What the task requires
Pictures stay out of this copy; please retype only the lines from the start of the records through the line with "#3838 = ORIENTED_EDGE".

Dataset records
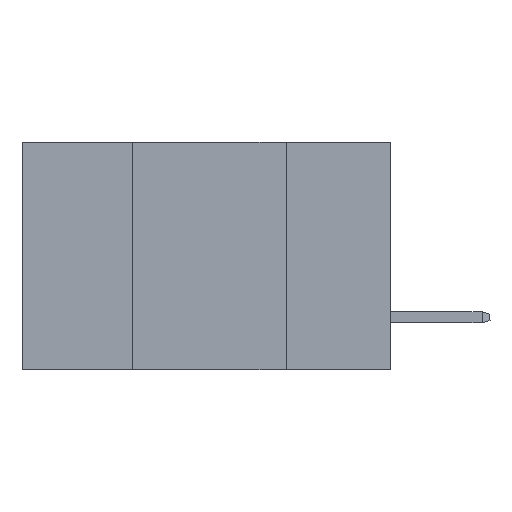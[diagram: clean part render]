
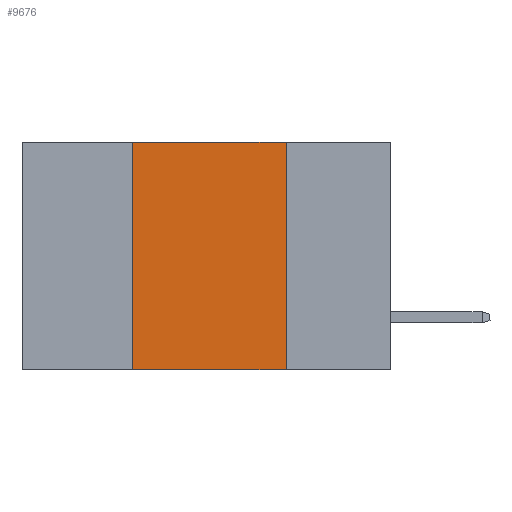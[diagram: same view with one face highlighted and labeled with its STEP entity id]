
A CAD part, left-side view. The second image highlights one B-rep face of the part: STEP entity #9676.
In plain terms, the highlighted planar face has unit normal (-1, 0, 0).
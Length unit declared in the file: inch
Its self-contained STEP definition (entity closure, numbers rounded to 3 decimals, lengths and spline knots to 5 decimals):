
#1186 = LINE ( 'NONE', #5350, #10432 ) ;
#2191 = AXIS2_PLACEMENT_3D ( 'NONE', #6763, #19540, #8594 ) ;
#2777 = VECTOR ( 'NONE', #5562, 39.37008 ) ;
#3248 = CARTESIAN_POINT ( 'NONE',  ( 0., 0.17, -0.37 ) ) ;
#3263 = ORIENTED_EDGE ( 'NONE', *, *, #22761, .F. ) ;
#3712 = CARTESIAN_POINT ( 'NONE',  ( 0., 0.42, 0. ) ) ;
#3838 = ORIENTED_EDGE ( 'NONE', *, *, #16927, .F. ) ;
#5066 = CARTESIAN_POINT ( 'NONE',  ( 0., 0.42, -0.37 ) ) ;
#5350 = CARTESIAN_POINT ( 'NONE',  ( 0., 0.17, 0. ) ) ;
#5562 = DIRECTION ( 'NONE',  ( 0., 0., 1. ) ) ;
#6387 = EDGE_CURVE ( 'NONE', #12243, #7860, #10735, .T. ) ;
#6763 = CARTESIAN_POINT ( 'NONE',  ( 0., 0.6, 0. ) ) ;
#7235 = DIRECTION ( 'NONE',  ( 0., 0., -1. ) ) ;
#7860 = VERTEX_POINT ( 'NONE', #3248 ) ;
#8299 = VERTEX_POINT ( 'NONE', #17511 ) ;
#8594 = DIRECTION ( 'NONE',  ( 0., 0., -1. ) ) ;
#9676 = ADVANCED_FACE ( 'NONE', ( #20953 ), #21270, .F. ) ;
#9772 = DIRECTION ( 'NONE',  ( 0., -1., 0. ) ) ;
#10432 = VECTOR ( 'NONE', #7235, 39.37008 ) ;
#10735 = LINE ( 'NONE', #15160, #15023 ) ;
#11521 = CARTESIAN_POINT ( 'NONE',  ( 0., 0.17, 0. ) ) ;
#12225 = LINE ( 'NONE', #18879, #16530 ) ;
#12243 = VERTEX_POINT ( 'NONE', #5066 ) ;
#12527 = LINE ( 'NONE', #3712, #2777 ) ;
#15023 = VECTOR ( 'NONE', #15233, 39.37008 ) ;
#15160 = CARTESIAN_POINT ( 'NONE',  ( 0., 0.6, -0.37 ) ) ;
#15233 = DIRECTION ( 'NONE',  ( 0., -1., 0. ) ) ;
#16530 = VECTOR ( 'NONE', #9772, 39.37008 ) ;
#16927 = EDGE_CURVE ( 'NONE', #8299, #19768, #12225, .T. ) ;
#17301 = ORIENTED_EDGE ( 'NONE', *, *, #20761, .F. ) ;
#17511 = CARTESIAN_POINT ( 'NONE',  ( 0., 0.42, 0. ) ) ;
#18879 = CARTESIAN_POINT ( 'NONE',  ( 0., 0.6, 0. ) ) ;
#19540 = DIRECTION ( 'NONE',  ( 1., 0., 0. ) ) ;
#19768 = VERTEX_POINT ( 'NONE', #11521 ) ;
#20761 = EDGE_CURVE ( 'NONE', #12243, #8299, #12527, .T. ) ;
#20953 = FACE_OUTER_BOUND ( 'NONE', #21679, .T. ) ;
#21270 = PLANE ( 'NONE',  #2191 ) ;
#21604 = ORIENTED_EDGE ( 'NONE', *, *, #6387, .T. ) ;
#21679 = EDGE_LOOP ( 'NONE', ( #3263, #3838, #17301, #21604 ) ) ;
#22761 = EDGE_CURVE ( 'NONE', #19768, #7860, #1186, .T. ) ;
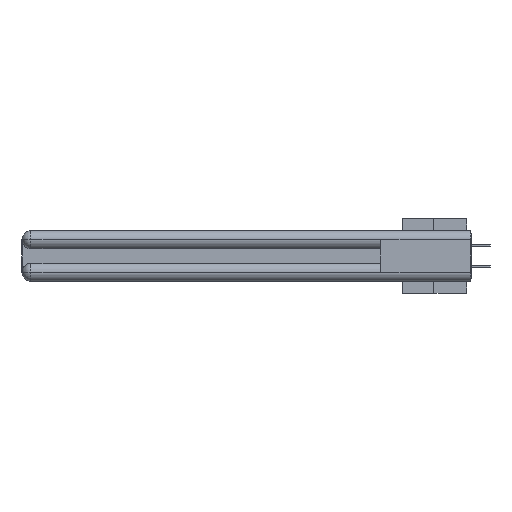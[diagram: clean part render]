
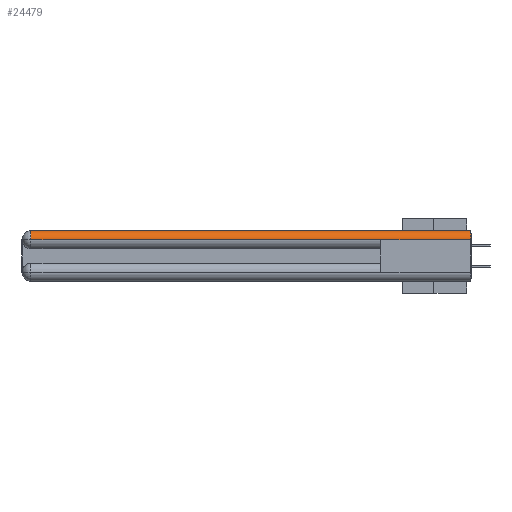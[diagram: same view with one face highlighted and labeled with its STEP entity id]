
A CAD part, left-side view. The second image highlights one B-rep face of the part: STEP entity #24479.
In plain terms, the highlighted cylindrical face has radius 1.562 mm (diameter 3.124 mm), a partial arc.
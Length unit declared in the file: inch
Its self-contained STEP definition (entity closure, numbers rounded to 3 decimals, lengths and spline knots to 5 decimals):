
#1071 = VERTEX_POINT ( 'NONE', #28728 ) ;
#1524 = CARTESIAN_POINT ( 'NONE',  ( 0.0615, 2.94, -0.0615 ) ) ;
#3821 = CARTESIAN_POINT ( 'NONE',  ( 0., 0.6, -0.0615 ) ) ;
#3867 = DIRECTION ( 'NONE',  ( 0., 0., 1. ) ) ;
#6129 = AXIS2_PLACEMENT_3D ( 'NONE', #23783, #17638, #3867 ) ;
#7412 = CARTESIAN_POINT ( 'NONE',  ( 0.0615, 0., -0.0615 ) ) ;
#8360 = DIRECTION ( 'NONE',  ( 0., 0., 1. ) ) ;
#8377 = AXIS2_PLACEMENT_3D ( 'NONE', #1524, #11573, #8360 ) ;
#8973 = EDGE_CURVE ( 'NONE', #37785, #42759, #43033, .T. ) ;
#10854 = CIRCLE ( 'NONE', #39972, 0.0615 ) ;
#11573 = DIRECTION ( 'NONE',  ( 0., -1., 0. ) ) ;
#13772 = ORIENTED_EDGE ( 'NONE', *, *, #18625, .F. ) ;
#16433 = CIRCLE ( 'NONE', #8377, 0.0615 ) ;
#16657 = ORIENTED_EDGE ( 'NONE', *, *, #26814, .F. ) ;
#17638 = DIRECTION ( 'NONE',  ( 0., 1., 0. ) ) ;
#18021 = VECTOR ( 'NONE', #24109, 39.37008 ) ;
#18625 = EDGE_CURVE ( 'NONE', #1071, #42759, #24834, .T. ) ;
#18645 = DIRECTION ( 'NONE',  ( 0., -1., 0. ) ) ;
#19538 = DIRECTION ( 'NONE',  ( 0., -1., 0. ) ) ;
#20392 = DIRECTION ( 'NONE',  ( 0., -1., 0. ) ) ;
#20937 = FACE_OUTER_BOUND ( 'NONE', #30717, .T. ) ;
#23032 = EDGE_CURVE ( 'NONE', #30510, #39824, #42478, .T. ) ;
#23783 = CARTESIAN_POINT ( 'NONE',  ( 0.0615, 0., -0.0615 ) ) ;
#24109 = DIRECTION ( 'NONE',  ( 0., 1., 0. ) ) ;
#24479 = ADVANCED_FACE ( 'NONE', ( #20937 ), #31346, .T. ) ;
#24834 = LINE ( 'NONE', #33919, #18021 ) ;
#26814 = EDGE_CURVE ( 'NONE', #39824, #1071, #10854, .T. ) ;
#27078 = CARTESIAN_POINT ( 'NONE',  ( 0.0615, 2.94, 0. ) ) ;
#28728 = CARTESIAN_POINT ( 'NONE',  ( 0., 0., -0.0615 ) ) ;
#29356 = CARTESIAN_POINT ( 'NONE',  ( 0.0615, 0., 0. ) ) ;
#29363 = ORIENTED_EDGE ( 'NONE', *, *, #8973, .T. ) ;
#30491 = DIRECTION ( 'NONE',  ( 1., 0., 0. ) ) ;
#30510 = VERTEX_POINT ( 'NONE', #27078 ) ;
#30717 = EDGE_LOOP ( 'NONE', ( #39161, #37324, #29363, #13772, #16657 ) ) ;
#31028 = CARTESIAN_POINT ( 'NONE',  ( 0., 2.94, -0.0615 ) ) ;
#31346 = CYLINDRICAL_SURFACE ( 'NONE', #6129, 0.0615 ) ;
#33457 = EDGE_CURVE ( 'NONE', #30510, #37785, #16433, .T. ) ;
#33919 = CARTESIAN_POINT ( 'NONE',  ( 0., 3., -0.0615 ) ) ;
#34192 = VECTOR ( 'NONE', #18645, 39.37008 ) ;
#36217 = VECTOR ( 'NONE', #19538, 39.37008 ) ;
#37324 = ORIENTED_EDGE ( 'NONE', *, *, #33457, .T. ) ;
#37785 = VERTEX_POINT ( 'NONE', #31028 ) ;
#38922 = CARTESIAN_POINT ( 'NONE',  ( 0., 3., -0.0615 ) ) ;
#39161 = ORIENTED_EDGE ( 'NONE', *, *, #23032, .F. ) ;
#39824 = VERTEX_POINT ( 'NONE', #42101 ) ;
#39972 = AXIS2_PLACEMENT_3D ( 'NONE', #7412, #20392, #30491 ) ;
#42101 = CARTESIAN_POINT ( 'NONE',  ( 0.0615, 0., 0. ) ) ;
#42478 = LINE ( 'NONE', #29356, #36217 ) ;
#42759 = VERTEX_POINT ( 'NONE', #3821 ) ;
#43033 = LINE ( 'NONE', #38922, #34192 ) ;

Solution
[diagram: clean part render]
[diagram: same view with one face highlighted and labeled with its STEP entity id]
A CAD part, left-side view. The second image highlights one B-rep face of the part: STEP entity #9676.
In plain terms, the highlighted planar face has unit normal (-1, 0, 0).
Length unit declared in the file: inch
Its self-contained STEP definition (entity closure, numbers rounded to 3 decimals, lengths and spline knots to 5 decimals):
#1186 = LINE ( 'NONE', #5350, #10432 ) ;
#2191 = AXIS2_PLACEMENT_3D ( 'NONE', #6763, #19540, #8594 ) ;
#2777 = VECTOR ( 'NONE', #5562, 39.37008 ) ;
#3248 = CARTESIAN_POINT ( 'NONE',  ( 0., 0.17, -0.37 ) ) ;
#3263 = ORIENTED_EDGE ( 'NONE', *, *, #22761, .F. ) ;
#3712 = CARTESIAN_POINT ( 'NONE',  ( 0., 0.42, 0. ) ) ;
#3838 = ORIENTED_EDGE ( 'NONE', *, *, #16927, .F. ) ;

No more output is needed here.